Spain’s leftist cabinet approved Tuesday (28 December) a landmark labour law reform which aims to reduce the use of temporary contracts and boost job security.
The reform, agreed with unions and employers, reverses business-friendly regulations introduced in 2012 by a previous conservative government during a deep recession that followed the 2008 global financial crisis.
Spain is currently the European Union nation where the use of temporary contracts is highest, but the reform tightens conditions for their use in the eurozone’s fourth-largest economy.
It limits most temporary contracts to a maximum of three months and will allow temporary hiring only under certain circumstances.
Improper use of temporary contracts will be penalised with fines and social security penalties.
The reform also restores collective bargaining with unions as the main channel to negotiate contracts.
Under the 2012 reforms, severance pay had been cut and trade union negotiating powers had been limited.
“This is the first agreement in more than four decades that reverses the trend of workers losing rights, bargaining power and wages,” Labour Minister Yolanda Diaz told a news conference after the cabinet passed the reform.

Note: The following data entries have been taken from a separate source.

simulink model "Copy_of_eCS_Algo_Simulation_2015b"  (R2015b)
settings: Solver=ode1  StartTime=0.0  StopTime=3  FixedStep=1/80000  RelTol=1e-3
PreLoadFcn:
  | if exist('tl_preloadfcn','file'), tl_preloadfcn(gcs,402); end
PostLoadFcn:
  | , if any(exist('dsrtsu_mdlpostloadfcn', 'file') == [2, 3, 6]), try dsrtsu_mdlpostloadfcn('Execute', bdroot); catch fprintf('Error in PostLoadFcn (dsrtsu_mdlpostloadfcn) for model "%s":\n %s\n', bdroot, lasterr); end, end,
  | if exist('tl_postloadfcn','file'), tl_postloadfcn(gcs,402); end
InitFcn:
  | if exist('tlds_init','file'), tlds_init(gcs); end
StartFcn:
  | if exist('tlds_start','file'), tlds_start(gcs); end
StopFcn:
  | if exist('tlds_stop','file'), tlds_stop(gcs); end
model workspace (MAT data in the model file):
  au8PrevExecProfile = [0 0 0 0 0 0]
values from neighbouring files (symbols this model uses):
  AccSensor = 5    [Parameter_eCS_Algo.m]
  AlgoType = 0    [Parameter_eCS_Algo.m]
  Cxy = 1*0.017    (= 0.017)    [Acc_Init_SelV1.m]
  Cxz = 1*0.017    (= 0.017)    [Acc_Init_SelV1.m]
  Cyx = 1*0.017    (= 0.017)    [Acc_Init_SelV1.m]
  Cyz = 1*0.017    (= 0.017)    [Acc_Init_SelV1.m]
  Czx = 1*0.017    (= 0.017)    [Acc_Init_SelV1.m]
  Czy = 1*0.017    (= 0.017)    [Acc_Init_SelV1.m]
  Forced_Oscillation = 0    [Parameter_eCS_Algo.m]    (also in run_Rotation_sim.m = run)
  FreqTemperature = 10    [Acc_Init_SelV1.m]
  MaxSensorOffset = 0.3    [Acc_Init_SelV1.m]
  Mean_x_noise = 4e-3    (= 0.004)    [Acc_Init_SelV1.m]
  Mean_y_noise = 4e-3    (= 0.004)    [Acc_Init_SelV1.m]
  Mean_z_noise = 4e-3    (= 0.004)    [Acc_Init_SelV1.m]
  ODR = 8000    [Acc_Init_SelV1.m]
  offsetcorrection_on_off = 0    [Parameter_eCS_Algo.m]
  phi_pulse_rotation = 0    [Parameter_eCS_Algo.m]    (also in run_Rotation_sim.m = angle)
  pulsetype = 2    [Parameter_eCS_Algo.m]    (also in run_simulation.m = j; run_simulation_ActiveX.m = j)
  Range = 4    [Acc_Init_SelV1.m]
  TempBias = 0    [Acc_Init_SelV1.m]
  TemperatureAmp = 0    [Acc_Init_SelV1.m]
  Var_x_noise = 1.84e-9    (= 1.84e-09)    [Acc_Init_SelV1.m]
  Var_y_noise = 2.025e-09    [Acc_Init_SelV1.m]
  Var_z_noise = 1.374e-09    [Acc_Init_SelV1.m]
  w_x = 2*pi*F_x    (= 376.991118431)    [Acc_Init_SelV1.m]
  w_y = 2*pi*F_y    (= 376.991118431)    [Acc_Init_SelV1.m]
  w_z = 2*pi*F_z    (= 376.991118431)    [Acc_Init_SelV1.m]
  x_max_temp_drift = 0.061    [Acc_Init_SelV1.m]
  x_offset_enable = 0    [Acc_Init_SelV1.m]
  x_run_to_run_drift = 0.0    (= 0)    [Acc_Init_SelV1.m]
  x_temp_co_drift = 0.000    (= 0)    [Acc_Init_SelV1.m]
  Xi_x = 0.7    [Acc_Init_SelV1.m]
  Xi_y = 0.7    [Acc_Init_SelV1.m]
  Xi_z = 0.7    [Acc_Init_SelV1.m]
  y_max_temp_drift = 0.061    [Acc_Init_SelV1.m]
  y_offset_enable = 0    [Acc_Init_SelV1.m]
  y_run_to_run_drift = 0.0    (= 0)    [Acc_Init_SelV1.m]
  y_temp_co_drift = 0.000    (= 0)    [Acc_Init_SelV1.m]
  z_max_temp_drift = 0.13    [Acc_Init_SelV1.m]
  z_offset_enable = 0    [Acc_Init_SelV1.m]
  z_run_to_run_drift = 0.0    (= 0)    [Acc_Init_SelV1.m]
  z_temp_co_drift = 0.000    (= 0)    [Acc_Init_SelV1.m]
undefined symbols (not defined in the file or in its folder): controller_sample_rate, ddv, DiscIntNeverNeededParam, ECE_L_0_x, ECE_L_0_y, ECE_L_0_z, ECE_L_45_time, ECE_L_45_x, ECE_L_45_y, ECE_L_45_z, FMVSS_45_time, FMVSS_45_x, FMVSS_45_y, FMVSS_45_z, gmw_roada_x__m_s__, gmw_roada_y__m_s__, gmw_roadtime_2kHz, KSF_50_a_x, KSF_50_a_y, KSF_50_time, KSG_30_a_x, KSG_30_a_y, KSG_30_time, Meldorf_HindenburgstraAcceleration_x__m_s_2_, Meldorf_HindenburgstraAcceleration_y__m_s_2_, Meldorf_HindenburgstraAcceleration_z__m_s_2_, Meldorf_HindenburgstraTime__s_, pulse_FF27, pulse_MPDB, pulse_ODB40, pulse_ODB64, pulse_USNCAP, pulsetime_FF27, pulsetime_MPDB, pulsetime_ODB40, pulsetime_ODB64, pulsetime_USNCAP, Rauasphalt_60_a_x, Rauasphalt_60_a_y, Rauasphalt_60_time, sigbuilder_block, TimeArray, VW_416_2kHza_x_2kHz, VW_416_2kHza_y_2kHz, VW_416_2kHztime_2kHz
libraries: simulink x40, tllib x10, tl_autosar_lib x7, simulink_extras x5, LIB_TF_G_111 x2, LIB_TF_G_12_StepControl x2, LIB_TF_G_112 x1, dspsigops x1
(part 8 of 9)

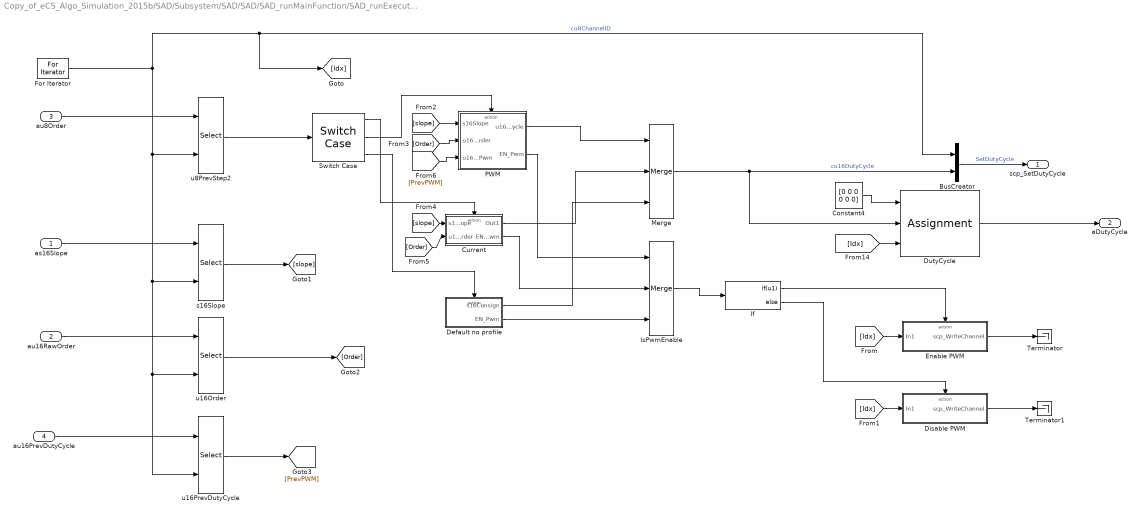
== system Copy_of_eCS_Algo_Simulation_2015b/SAD/Subsystem/SAD/SAD/SAD_runMainFunction/SAD_runExecuteStep/For Iterator Subsystem ==
  as16Slope : Inport
  au16RawOrder : Inport  Port=2
  au8Order : Inport  Port=3
  au16PrevDutyCycle : Inport  Port=4
  BusCreator : BusCreator  Inputs=2
  Constant4 : Constant  Value=[0 0 0 0 0 0]  mask(TL_Constant){data={'date',738323.57900567132}}
      settings: CopyFcn=if exist('tl_reset_reviewflag') == 2, tl_reset_reviewflag(gcbh); end  DeleteFcn=if exist('delete_tlblock','file')==2,delete_tlblock(gcbh);end  NameChangeFcn=if exist('rename_tlblock','file')==2,rename_tlblock(gcbh);end  OpenFcn=if exist('tl_open_blockdlg','file')==2,tl_open_blockdlg(gcbh);else,open_system(gcbh,'parameter');end
      mask Help: eval(['if exist(''tl_online_help'',''file'') == 2, tl_online_help(''Topic'',''TL_Constant''),else, web([''jar:file:///'',matlabroot,''/help/toolbox/simulink/help.jar!/slref/' lower(get_param(gcbh,'Blocktype')) '.html''], ''-helpbrowser''),end'])
      mask Display: plot([-0.1, 1.05, NaN, -0.1, 1.05],[.01, .01, NaN, .99, .99]);
  Current : Subsystem  TreatAsAtomicUnit=on
  Default no profile : Subsystem  TreatAsAtomicUnit=on
  Disable PWM : Subsystem  TreatAsAtomicUnit=on
  DutyCycle : Assignment  IndexMode=Zero-based  IndexOptions=Index vector (port)  Indices=1  OutputSizes=1  mask(TL_Assignment){data={'insideiteratedsystem',logical(1),'omitinitializations',1,'output',{'name','$D','type','UInt16','inheritscaling',0},'date',738370.64882278931}}
      settings: CopyFcn=if exist('tl_reset_reviewflag') == 2, tl_reset_reviewflag(gcbh); end  DeleteFcn=if exist('delete_tlblock','file')==2,delete_tlblock(gcbh);end  NameChangeFcn=if exist('rename_tlblock','file')==2,rename_tlblock(gcbh);end  OpenFcn=if exist('tl_open_blockdlg','file')==2,tl_open_blockdlg(gcbh);else,open_system(gcbh,'parameter');end
      mask Help: eval(['if exist(''tl_online_help'',''file'') == 2, tl_online_help(''Topic'',''TL_Assignment''),else, web([''jar:file:///'',matlabroot,''/help/toolbox/simulink/help.jar!/slref/' lower(get_param(gcbh,'Blocktype')) '.html''], ''-helpbrowser''),end'])
      mask Display: plot([-0.1, 1.05, NaN, -0.1, 1.05],[.01, .01, NaN, .99, .99]);
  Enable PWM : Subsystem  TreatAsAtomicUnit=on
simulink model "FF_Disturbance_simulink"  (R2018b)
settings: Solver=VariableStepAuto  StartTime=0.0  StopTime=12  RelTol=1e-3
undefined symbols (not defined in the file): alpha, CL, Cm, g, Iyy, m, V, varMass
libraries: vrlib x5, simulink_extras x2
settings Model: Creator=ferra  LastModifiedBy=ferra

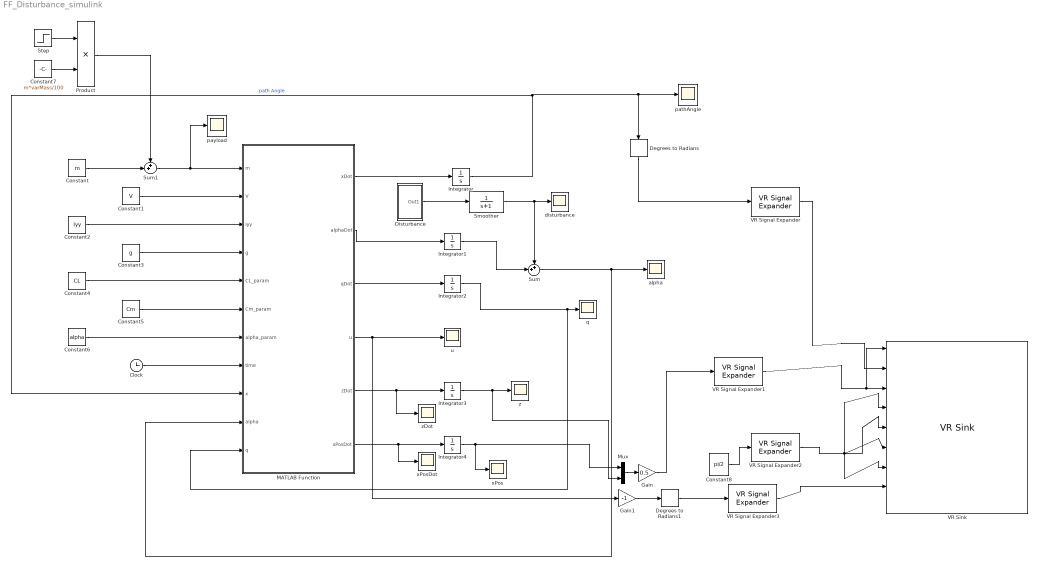
== system FF_Disturbance_simulink ==
  Clock : Clock
  Constant : Constant  Value=m
  Constant1 : Constant  Value=V
  Constant2 : Constant  Value=Iyy
  Constant3 : Constant  Value=g
  Constant4 : Constant  Value=CL
  Constant5 : Constant  Value=Cm
  Constant6 : Constant  Value=alpha
  Constant7 : Constant  Value=m*varMass/100
  Constant8 : Constant  Value=pi/2
  Degrees to Radians : simulink_extras/Transformations/Degrees to Radians
  Degrees to Radians1 : simulink_extras/Transformations/Degrees to Radians
  "Disturbance " : Subsystem
  Gain : Gain  Gain=0.5
  Gain1 : Gain  Gain=-1
  Integrator : Integrator
  Integrator1 : Integrator
  Integrator2 : Integrator
  Integrator3 : Integrator  InitialCondition=5
  Integrator4 : Integrator  InitialCondition=-70
  MATLAB Function : MATLAB Function  TreatAsAtomicUnit=on
  Mux : Mux  Inputs=2
  Product : Product
  "Smoother " : TransferFcn  Denominator=[1 1]
  Step : Step  Time=5  SampleTime=0
  Sum : Sum  Inputs=++|
  Sum1 : Sum  Inputs=++|
  VR Signal Expander : vrlib/VR Signal Expander  outwidth=4  outidx=[4]
      settings: SourceProductName=Simulink 3D Animation  SourceProductBaseCode=VR
  VR Signal Expander1 : vrlib/VR Signal Expander  outwidth=3  outidx=[1 2]
      settings: SourceProductName=Simulink 3D Animation  SourceProductBaseCode=VR
  VR Signal Expander2 : vrlib/VR Signal Expander  outwidth=4  outidx=[4]
      settings: SourceProductName=Simulink 3D Animation  SourceProductBaseCode=VR
  VR Signal Expander3 : vrlib/VR Signal Expander  outwidth=4  outidx=[4]
      settings: SourceProductName=Simulink 3D Animation  SourceProductBaseCode=VR
  VR Sink : vrlib/VR Sink  InstantiateOnLoad=on  SampleTime=0.05  ViewEnable=on  RemoteChange=off  RemoteView=off  FieldsWritten=FarAway_Front.position.3.1.1.double#Airplane.rotation.4.1.1.double#Airplane.translation.3.1.1.double#Rotor_1.rotation.4.1.1.double#Rotor_2.rotation.4.1.1.double#Rotor_3.rotation.4.1.1.double#Rotor_4.rotation.4.1.1.double#Flap_tail.rotation.4.1.1.double#Follow_Airplane.orientation.4.1.1.double  WorldFileName=C:\Users\ferra\Desktop\Projects\Matlab\Thesis\3D-simulation\3D_world.WRL  WorldDescription=Follow airplane  AutoView=off  VideoDimensions=[]  AllowVariableSize=off  FigureProperties="{'Position', 'Name', 'Viewpoint', 'CameraBound', 'CameraDirection', 'CameraPosition', 'CameraUpVector', 'ZoomFactor', 'Antialiasing', 'Headlight', 'Lighting', 'NavPanel', 'Sound', 'StatusBar', 'Stereo3D', 'Stereo3DCameraOffset', 'Stereo3DHIT', 'ToolBar', 'Textures', 'Transparency', 'Triad', 'Wireframe', 'NavZones', 'NavMode', 'NavSpeed', 'CaptureFileFormat', 'CaptureFileName', 'Record2DCompressMethod', 'Record2DCompressQuality', 'Record2D', 'Record2DFileName', 'Record2DFPS'; [1.0000000000000000e+00   7.6000000000000000e+01   1.9200000000000000e+03   9.5300000000000000e+02], 'Follow airplane', 'far away front POV', 'on', [-6.6932106743090844e-02  -3.9340503518798076e-01  -9.1692560841961179e-01], [6.4741097379861223e-01   3.1023324648929131e+00  -1.9803438957038846e+01], [9.1047643126099809e-03   9.1870732284332590e-01  -3.9483408948678772e-01], [1.0000000000000000e+00], 'on', 'on', 'on', 'halfbar', 'on', 'on', 'off', [1.0000000149011612e-01], [0.0000000000000000e+00], 'on', 'on', 'on', 'none', 'off', 'off', 'examine', 'normal', 'tif', '%f_anim_%n.tif', 'auto', [7.5000000000000000e+01], 'on', 'C:\\Users\\ferra\\Desktop\\Projects\\Matlab\\Thesis\\Recording_simulaiton\\FF_dist_pathAngle_mass.avi', [6.0000000000000000e+01]}"
      settings: SourceProductBaseCode=VR
  alpha : Scope
  disturbance : Scope
  pathAngle : Scope
  "payload " : Scope
  q : Scope
  u : Scope
  xPos : Scope
  xPosDot : Scope
  "z " : Scope
  zDot : Scope
  wires:
  Constant8/1 -> VR Signal Expander2/1
  MATLAB Function/1(xDot) -> Integrator/1
  Constant4/1 -> MATLAB Function/5(CL_param)
  Clock/1 -> MATLAB Function/8(time)
  Constant6/1 -> MATLAB Function/7(alpha_param)
  Integrator2/1 -> MATLAB Function/11(q), q/1
  Integrator/1 -> pathAngle/1, Degrees to Radians/1, MATLAB Function/9(x)  "path Angle"
  Integrator1/1 -> Sum/2
  "Disturbance "/1(Out1) -> "Smoother "/1
  "Smoother "/1 -> Sum/1, disturbance/1
  Gain1/1 -> Degrees to Radians1/1
  Constant3/1 -> MATLAB Function/4(g)
  MATLAB Function/4(u) -> Gain1/1, u/1
  Sum/1 -> MATLAB Function/10(alpha), alpha/1
  Constant7/1 -> Product/2
  MATLAB Function/3(qDot) -> Integrator2/1
  Constant2/1 -> MATLAB Function/3(Iyy)
  Gain/1 -> VR Signal Expander1/1
  Mux/1 -> Gain/1
  Degrees to Radians/1 -> VR Signal Expander/1
  Product/1 -> Sum1/1
  Integrator4/1 -> Mux/1, xPos/1
  Constant5/1 -> MATLAB Function/6(Cm_param)
  MATLAB Function/2(alphaDot) -> Integrator1/1
  Sum1/1 -> "payload "/1, MATLAB Function/1(m)
  MATLAB Function/6(xPosDot) -> xPosDot/1, Integrator4/1
  Constant1/1 -> MATLAB Function/2(V)
  Integrator3/1 -> Mux/2, "z "/1
  Step/1 -> Product/1
  Degrees to Radians1/1 -> VR Signal Expander3/1
  MATLAB Function/5(zDot) -> zDot/1, Integrator3/1
  Constant/1 -> Sum1/2
  VR Signal Expander/1 -> VR Sink/2
  VR Signal Expander1/1 -> VR Sink/1, VR Sink/3
  VR Signal Expander2/1 -> VR Sink/4, VR Sink/5, VR Sink/6, VR Sink/7
  VR Signal Expander3/1 -> VR Sink/8

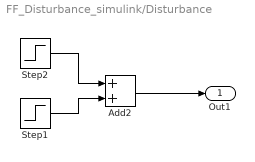
== system FF_Disturbance_simulink/Disturbance  ==
  Add2 : Sum
  Step1 : Step  Time=5  After=-20  SampleTime=0
  Step2 : Step  Time=3  After=20  SampleTime=0
  Out1 : Outport
  wires:
  Step2/1 -> Add2/1
  Step1/1 -> Add2/2
  Add2/1 -> Out1/1

== matlab function FF_Disturbance_simulink/MATLAB Function ==
  data: m input; xDot output; V input; Iyy input; g input; CL_param input; Cm_param input; alpha_param input; time input; alphaDot output; qDot output; x input; alpha input; q input; u output; zDot output; xPosDot output
function [xDot,alphaDot,qDot,u ,zDot , xPosDot ] = FF(m,V,Iyy,g,CL_param,Cm_param,...
                                    alpha_param, time,x,alpha,q)
Cm = mean(Cm_param);
T = 10;


k1 = 2;
k2 = 2;

if(alpha>71)
    alpha = 71;
elseif(alpha<-10)
    alpha = -10;
end



alphaRound = round(alpha*2)/2;

seqIndex = 1:1:length(alpha_param);
index = round(interp1(alpha_param,seqIndex,alphaRound));
CL = CL_param(index);

f = (-g/V) * cos((CL*x)/(m*V));
f1 = (g/V) * cos((CL*x)/(m*V)) - (CL*alpha)/(m*V);
f2 = 0;
g2 = Cm/Iyy;



df_dx =( (g*CL)/(m*V^2) ) * sin((CL*x)/(m*V));
df1_dx = ((-g*CL)/(m*V^2) ) *sin((CL*x)/(m*V));
df_ddx = ((g*CL^2)/(m*V^3)) * cos((CL * x)/(m*V));

%Definition of the xDes
amp = 1;
freq = 2*pi/10;
% xDes = amp * sin(freq*time);

xDes = 5;

e = x-xDes;

% xDesDot = amp *cos(freq*time);
xDesDot = 0;
alphaDes = -f - k1*e + xDesDot; %Virtual : stabilaize the dynamics of x 
alphaDesDot = (-df_dx -k1)*(f+alpha);


e1 = alpha - alphaDes;
qDes = -f1 -x+xDes - k1*e1 + alphaDesDot; %Virtual: stabilize the dynamics of alpha

e2 = q - qDes;

e1Dot = -e - k1*e1 +e2;





d_alphaDesDot_dx = -df_ddx *f - (df_dx)^2 -df_ddx * alpha - k1*df_dx;
par_qDes_x = -df1_dx - 1 + d_alphaDesDot_dx;
par_qDes_e1 = -k1;
qDesDot = par_qDes_x * (f+alpha) + par_qDes_e1 * (e1Dot);
u = (-f2 + qDesDot - e1 - k2*e2)/(g2);

xDot = f + alpha;
alphaDot = f1 + q;
qDot = f2 + g2 *u;
zDot  = V * sin(deg2rad(x));
xPosDot = V * cos(deg2rad(x));

end

“There are many women and young people in this country who have not had a contract that was not garbage in their entire lives.”
Changes to Spain’s labour laws are one of the reforms Brussels expected by the end of the year for Madrid to receive €140 billion from the European Commission’s coronavirus recovery programme.
The reform must now be approved by parliament, with a vote expected early in the new year.
Prime Minister Pedro Sánchez’s Socialists and its junior coalition partners, hard-left party Podemos, hold only 155 of the 350 seats in Spain’s highly fragmentated parliament.
To approve the reform the government will have to win the support of several smaller leftist and regional parties, as it did for its 2022 budget.
Critics say the 2012 reform reduced job security but its defenders argue it helped bring down Spain’s unemployment rate from nearly 27% in 2013 to around 16% this year.